Collected data entries
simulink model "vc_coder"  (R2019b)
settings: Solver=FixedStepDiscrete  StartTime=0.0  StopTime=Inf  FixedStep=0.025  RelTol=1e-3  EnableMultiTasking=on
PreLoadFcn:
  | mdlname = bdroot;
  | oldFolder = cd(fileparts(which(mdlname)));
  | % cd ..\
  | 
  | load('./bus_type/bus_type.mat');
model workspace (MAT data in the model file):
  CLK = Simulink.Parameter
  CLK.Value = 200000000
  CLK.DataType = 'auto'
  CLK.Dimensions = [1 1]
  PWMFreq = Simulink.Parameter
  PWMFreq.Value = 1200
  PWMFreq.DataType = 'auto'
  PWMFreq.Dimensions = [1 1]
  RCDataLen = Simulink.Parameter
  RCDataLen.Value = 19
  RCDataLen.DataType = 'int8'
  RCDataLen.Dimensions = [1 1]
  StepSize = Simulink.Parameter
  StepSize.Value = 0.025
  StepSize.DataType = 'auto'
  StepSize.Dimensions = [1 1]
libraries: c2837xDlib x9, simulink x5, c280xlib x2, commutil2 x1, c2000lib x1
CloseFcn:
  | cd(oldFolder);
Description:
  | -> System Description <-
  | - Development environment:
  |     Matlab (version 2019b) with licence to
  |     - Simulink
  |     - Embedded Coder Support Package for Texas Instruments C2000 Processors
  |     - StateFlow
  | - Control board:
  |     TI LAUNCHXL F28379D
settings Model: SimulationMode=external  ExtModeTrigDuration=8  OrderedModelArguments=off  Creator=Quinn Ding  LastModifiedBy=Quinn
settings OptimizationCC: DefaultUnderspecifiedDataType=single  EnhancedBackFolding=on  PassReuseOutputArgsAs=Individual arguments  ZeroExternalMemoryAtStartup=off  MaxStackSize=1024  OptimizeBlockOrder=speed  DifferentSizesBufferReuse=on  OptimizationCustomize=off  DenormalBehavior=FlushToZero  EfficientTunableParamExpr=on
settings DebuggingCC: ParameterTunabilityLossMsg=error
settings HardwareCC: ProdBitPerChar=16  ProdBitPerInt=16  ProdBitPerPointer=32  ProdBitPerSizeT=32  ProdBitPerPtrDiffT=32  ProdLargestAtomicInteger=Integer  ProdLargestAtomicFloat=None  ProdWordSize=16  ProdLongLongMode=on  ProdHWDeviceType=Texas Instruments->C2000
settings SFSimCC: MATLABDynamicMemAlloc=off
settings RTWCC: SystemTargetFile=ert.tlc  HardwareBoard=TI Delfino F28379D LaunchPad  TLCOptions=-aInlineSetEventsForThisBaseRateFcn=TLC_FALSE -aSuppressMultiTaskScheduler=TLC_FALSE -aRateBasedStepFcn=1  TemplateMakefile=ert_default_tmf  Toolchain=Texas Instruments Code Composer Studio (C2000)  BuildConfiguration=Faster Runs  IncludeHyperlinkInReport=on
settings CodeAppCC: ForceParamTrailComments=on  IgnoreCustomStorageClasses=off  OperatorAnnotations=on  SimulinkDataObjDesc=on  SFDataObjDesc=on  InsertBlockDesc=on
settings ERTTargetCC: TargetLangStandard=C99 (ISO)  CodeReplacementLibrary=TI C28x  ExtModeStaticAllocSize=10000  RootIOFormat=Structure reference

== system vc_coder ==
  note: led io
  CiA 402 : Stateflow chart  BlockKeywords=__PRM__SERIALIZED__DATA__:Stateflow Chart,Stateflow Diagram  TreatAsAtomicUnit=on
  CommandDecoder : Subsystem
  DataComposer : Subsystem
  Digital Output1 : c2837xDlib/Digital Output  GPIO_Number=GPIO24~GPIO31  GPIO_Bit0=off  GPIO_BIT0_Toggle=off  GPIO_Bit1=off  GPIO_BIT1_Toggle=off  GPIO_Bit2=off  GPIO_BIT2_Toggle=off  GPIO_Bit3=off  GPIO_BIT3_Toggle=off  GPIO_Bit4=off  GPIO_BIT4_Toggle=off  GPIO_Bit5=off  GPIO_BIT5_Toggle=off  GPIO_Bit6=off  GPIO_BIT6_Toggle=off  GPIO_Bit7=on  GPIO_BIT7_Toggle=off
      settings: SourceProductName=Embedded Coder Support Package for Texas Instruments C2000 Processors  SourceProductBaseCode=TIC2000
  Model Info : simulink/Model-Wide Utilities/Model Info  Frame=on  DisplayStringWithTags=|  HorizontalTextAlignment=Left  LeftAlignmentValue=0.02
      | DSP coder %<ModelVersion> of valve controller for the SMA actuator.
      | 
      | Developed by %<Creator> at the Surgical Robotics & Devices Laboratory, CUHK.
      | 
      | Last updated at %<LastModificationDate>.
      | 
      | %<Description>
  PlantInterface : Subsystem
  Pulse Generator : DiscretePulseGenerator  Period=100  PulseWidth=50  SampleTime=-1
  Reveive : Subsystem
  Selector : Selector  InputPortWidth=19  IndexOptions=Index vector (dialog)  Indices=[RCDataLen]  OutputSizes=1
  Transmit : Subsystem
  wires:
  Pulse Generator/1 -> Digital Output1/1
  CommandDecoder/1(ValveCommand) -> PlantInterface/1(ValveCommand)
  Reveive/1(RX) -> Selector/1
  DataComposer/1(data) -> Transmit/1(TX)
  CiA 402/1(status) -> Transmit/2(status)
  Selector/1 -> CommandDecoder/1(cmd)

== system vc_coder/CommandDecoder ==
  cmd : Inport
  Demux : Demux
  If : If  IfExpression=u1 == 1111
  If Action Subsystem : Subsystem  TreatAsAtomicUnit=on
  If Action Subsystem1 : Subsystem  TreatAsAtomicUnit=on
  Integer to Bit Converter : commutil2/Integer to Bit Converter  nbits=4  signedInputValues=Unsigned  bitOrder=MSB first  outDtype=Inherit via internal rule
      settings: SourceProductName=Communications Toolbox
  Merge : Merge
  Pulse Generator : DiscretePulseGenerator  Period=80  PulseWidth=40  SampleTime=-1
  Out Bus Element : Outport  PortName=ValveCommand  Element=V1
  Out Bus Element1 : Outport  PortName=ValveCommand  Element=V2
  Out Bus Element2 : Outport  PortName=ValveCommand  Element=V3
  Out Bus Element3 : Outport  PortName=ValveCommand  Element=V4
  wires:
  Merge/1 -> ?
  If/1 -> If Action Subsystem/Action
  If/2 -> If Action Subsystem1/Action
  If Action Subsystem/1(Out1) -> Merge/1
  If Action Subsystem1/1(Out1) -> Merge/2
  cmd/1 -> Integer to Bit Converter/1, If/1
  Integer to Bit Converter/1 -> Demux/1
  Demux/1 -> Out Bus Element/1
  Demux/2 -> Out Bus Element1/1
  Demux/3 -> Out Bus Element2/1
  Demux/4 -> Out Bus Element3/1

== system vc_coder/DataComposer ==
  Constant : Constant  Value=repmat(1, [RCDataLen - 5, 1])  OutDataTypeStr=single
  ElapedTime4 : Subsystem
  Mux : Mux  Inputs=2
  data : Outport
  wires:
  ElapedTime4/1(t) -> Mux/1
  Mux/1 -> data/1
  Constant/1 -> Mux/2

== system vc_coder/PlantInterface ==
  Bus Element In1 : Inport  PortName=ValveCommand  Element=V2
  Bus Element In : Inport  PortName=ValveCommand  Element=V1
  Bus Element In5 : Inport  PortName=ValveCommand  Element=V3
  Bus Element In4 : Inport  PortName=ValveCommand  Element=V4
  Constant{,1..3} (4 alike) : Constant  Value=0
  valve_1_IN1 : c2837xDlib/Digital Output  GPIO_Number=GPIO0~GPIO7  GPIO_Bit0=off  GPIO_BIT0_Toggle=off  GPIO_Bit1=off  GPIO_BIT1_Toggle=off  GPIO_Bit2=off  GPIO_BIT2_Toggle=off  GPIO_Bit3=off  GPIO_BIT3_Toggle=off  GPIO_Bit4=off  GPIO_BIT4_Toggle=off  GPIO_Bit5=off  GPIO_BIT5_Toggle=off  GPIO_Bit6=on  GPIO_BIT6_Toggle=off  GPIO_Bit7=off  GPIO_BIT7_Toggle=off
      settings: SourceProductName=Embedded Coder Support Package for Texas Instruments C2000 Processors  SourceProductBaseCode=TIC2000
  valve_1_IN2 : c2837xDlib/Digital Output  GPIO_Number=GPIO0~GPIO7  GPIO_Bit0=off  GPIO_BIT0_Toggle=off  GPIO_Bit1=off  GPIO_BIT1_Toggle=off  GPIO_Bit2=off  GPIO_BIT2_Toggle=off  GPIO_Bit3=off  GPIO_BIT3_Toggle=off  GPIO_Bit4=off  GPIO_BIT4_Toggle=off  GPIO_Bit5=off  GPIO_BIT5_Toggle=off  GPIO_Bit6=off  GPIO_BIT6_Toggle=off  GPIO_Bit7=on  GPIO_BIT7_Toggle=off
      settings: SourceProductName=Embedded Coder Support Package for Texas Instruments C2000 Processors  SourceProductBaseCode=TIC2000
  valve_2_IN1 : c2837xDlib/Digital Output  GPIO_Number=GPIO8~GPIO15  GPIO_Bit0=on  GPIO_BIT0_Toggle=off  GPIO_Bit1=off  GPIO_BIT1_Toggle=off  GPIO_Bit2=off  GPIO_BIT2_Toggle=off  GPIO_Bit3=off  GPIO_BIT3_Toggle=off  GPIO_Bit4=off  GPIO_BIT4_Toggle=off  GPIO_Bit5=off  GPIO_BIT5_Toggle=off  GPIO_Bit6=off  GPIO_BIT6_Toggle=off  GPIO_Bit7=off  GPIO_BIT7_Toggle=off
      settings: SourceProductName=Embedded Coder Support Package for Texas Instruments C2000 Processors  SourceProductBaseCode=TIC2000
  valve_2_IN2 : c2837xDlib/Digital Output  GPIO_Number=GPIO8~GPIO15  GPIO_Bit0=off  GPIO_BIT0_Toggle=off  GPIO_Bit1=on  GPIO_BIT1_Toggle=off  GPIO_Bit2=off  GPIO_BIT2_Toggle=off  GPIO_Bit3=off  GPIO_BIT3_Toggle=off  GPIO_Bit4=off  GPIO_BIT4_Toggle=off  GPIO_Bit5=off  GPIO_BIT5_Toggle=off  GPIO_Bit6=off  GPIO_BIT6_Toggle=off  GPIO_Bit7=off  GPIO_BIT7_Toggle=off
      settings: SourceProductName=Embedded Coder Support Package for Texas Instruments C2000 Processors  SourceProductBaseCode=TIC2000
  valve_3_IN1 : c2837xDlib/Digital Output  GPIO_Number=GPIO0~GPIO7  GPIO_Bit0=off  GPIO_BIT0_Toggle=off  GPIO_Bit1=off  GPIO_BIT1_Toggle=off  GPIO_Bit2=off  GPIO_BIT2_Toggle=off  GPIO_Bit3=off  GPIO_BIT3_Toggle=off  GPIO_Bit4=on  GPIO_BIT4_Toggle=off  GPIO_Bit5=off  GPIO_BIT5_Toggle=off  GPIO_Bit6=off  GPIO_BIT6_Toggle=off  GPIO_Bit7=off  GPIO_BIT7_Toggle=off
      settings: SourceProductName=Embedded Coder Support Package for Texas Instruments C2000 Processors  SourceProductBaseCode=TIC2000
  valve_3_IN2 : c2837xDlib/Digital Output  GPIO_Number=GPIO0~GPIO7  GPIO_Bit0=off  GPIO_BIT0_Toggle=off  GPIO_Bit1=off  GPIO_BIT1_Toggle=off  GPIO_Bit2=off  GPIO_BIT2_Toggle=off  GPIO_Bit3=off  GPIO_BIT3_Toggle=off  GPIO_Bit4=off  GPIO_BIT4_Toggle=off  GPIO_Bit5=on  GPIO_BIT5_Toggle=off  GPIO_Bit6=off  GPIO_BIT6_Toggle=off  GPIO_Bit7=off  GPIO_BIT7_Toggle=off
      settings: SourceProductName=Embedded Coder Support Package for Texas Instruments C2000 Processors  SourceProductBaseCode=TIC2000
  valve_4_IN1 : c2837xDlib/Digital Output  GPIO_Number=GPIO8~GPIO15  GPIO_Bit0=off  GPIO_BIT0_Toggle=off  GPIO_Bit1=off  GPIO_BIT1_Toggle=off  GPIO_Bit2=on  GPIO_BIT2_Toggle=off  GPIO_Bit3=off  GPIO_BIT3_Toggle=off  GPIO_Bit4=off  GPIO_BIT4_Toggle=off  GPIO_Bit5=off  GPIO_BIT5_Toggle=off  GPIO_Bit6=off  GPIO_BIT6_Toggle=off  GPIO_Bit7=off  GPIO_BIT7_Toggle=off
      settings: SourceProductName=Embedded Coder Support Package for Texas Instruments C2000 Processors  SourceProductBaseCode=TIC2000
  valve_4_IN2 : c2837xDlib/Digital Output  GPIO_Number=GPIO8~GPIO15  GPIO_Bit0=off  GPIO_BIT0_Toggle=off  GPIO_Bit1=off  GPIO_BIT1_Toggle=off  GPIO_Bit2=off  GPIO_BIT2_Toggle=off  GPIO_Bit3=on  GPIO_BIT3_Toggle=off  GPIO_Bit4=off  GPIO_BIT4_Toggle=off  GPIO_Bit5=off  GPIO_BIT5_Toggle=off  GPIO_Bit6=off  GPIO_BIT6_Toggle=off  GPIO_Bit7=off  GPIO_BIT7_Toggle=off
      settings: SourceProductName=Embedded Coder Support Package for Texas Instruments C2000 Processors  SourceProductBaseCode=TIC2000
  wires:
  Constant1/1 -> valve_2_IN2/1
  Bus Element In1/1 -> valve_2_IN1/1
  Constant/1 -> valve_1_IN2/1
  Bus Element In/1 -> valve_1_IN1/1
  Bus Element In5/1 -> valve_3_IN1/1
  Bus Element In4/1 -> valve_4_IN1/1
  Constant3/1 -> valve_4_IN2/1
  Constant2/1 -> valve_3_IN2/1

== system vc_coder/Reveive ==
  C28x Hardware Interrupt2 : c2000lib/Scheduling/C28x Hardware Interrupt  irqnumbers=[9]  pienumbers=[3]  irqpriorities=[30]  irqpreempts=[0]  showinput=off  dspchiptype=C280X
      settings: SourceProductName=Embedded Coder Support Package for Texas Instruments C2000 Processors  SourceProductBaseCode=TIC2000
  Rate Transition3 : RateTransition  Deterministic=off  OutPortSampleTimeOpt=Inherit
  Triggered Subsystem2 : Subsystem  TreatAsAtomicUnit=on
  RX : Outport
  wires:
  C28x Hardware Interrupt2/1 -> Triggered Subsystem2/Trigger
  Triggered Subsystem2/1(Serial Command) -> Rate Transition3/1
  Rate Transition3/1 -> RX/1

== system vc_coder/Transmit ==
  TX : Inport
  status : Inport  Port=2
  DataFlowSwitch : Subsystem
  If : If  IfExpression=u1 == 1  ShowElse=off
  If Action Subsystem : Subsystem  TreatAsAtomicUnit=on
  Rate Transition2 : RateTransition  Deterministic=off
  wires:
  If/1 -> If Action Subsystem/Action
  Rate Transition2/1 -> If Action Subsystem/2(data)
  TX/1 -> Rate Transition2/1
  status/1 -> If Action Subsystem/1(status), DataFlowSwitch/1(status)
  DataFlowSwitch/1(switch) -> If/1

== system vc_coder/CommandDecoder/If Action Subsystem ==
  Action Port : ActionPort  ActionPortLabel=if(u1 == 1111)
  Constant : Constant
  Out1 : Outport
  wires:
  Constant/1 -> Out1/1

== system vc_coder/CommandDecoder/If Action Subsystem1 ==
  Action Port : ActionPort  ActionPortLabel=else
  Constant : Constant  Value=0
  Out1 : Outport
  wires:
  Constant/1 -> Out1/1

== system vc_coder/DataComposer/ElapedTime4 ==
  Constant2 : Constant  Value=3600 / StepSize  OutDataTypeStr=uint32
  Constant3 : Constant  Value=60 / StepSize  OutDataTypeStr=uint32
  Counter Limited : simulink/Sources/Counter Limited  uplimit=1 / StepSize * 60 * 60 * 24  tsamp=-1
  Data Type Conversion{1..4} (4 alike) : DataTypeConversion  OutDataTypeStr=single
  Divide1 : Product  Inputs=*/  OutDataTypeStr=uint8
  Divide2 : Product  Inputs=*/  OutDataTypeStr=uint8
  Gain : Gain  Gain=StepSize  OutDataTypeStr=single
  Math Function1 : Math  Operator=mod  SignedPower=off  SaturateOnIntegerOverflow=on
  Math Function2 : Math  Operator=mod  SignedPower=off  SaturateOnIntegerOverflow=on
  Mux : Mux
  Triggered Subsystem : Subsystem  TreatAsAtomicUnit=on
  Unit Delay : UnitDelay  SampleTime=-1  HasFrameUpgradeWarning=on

**Exercise**
Take every line from the records that holds "SaturateOnIntegerOverflow" and copy it down.

**Answer for the task**
  Math Function1 : Math  Operator=mod  SignedPower=off  SaturateOnIntegerOverflow=on
  Math Function2 : Math  Operator=mod  SignedPower=off  SaturateOnIntegerOverflow=on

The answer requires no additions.